## DIRECTIONS FOR THIS TASK
Across the material below, count the lines that include the word "ezdxf" and give only that count.

## INPUT DATA

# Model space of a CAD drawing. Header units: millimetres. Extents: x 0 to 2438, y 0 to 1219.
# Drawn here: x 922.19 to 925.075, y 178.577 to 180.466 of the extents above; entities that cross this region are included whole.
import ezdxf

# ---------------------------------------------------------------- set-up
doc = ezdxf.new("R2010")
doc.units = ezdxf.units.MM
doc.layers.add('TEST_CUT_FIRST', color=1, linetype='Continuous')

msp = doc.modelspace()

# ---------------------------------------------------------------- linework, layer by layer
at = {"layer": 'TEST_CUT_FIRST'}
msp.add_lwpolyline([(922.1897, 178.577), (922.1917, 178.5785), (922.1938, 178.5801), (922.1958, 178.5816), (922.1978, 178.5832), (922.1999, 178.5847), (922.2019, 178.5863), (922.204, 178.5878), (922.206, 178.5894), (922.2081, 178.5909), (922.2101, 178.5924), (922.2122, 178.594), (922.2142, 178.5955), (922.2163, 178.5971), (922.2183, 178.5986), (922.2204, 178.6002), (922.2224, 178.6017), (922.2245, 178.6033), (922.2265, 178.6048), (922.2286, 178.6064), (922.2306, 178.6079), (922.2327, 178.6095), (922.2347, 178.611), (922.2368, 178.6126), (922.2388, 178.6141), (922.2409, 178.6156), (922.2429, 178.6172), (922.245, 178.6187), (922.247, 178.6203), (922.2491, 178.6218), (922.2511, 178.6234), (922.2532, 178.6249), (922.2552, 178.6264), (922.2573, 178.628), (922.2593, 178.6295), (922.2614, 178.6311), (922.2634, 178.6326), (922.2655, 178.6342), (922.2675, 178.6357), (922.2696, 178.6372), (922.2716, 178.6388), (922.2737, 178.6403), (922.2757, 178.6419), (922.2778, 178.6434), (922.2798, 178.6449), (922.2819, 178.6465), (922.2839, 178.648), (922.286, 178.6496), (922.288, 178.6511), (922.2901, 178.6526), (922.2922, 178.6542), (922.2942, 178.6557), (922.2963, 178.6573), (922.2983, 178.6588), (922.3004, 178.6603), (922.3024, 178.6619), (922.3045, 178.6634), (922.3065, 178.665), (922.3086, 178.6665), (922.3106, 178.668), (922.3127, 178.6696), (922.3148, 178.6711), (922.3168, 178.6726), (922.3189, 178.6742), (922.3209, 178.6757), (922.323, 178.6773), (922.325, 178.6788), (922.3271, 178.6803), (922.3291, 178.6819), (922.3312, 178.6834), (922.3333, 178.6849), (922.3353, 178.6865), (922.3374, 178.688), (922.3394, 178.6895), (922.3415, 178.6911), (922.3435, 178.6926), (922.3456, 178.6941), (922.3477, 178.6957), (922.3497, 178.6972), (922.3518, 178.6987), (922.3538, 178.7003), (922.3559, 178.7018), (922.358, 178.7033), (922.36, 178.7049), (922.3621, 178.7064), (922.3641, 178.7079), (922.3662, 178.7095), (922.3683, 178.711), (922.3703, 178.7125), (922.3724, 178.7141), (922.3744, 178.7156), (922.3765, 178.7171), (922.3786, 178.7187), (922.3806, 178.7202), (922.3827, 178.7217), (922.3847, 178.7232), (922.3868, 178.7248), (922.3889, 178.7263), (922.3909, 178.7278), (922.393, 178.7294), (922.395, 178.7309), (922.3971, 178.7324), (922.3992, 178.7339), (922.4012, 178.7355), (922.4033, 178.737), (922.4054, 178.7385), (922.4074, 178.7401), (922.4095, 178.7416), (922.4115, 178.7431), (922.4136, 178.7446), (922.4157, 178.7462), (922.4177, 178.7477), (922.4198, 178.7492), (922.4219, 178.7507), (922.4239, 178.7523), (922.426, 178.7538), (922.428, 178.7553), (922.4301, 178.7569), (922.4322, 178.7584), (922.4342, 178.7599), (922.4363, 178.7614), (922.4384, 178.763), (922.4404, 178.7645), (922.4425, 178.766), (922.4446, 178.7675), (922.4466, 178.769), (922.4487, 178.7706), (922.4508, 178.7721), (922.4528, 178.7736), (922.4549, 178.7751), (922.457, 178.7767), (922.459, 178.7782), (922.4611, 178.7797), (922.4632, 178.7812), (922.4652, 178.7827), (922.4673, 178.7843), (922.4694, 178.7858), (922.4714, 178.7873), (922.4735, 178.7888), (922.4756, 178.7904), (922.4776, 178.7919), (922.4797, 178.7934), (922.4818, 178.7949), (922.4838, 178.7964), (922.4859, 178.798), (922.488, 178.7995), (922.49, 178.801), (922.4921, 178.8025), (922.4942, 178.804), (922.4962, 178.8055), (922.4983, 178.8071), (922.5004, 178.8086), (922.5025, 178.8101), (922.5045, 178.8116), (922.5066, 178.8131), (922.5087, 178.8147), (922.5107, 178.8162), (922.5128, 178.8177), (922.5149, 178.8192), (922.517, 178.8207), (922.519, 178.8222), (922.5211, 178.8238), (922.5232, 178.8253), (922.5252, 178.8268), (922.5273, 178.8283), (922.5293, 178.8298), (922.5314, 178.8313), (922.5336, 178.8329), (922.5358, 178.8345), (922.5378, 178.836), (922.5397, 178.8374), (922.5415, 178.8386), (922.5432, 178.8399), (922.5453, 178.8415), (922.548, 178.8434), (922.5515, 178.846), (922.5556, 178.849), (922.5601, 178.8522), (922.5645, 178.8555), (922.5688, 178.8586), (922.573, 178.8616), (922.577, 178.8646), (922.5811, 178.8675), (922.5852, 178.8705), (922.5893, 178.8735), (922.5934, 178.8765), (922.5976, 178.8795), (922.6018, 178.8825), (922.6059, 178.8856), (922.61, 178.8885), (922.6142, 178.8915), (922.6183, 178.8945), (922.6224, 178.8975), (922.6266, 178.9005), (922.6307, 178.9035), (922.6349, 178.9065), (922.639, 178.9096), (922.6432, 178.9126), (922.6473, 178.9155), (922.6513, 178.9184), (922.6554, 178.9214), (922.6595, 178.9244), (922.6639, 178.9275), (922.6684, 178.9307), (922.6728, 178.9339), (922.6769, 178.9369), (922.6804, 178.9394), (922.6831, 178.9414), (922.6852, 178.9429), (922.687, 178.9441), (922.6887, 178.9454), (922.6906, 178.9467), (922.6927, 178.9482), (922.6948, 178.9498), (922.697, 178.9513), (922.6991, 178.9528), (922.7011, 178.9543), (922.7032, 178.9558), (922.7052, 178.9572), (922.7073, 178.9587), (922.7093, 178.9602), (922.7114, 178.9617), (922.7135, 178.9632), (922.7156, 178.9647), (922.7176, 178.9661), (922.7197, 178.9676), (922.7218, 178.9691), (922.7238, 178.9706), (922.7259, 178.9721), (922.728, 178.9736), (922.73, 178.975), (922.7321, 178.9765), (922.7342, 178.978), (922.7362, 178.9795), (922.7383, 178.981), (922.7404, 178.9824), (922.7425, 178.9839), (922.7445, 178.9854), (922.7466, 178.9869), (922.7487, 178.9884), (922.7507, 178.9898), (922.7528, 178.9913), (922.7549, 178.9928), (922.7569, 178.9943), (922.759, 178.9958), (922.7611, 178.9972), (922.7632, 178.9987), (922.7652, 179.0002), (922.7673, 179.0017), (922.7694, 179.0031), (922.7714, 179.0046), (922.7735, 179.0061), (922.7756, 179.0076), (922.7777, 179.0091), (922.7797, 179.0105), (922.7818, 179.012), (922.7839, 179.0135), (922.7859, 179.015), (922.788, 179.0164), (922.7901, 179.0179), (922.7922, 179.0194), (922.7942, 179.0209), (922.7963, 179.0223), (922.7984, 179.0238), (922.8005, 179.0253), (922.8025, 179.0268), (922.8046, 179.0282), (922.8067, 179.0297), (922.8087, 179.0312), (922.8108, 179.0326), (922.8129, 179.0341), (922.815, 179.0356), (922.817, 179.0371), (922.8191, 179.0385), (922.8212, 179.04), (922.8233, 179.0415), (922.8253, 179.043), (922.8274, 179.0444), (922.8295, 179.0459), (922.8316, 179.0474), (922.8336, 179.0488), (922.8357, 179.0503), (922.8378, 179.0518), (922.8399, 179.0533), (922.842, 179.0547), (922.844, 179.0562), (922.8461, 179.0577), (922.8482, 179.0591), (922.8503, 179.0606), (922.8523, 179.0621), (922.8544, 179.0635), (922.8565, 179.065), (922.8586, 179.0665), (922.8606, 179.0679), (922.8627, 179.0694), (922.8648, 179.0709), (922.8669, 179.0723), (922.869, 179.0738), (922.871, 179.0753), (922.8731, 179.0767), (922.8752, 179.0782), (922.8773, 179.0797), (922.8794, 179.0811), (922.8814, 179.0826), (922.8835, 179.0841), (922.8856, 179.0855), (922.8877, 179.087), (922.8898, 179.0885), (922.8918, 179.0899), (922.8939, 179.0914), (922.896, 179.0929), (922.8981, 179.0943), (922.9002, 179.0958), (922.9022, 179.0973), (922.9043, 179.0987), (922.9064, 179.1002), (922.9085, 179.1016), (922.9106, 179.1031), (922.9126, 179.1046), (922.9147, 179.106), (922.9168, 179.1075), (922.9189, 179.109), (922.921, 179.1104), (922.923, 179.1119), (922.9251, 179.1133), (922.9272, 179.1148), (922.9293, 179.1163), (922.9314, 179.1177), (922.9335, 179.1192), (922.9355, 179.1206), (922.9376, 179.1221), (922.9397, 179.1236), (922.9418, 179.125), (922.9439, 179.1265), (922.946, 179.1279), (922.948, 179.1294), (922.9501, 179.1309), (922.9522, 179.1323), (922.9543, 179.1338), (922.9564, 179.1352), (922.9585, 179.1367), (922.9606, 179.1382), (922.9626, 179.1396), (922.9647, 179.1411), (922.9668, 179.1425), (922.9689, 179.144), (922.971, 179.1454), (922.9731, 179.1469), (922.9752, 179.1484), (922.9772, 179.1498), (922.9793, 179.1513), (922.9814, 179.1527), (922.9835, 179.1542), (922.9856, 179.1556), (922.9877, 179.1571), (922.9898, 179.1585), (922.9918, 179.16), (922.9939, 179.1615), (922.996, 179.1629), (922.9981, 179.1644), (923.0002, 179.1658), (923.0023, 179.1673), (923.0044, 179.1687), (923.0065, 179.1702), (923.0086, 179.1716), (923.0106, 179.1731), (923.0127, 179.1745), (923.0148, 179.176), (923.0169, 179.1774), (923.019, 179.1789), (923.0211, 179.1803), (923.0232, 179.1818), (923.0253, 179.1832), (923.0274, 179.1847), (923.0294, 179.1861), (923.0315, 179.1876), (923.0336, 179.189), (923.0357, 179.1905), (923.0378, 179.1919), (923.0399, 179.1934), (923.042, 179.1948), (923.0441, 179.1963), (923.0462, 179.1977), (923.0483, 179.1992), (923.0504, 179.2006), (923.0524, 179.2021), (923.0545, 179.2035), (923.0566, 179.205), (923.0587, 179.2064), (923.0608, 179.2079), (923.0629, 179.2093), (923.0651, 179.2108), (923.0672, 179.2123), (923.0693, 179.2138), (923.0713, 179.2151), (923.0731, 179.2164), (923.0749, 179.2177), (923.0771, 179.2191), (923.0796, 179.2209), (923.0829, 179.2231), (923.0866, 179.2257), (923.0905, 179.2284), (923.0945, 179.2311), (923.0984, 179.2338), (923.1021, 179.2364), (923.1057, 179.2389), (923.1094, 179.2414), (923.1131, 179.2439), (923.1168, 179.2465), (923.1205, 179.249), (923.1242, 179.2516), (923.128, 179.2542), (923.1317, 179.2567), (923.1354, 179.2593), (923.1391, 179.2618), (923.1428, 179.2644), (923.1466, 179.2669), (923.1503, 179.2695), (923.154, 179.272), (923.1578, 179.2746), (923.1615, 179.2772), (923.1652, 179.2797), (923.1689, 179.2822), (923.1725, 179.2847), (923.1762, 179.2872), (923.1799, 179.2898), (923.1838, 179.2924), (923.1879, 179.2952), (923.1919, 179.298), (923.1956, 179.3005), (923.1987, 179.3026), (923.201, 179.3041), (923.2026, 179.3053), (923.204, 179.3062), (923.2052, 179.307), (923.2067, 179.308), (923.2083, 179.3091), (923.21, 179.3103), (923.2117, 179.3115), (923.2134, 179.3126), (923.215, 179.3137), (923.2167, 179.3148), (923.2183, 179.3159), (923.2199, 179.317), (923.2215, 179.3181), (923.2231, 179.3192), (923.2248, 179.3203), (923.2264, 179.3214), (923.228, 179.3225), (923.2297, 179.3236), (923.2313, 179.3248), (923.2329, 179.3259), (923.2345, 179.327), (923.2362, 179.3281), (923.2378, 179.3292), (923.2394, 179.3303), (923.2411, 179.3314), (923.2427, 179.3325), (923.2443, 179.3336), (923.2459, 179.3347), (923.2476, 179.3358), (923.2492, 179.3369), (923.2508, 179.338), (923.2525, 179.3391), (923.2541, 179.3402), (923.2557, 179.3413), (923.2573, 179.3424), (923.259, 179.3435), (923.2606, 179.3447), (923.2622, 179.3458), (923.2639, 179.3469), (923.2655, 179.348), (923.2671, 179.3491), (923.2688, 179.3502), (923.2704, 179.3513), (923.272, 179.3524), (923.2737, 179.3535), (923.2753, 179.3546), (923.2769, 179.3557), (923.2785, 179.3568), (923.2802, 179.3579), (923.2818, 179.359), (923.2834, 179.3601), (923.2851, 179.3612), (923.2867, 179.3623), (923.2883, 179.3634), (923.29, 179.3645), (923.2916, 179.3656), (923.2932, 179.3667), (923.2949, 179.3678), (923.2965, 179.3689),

## WRITTEN SOLUTION
3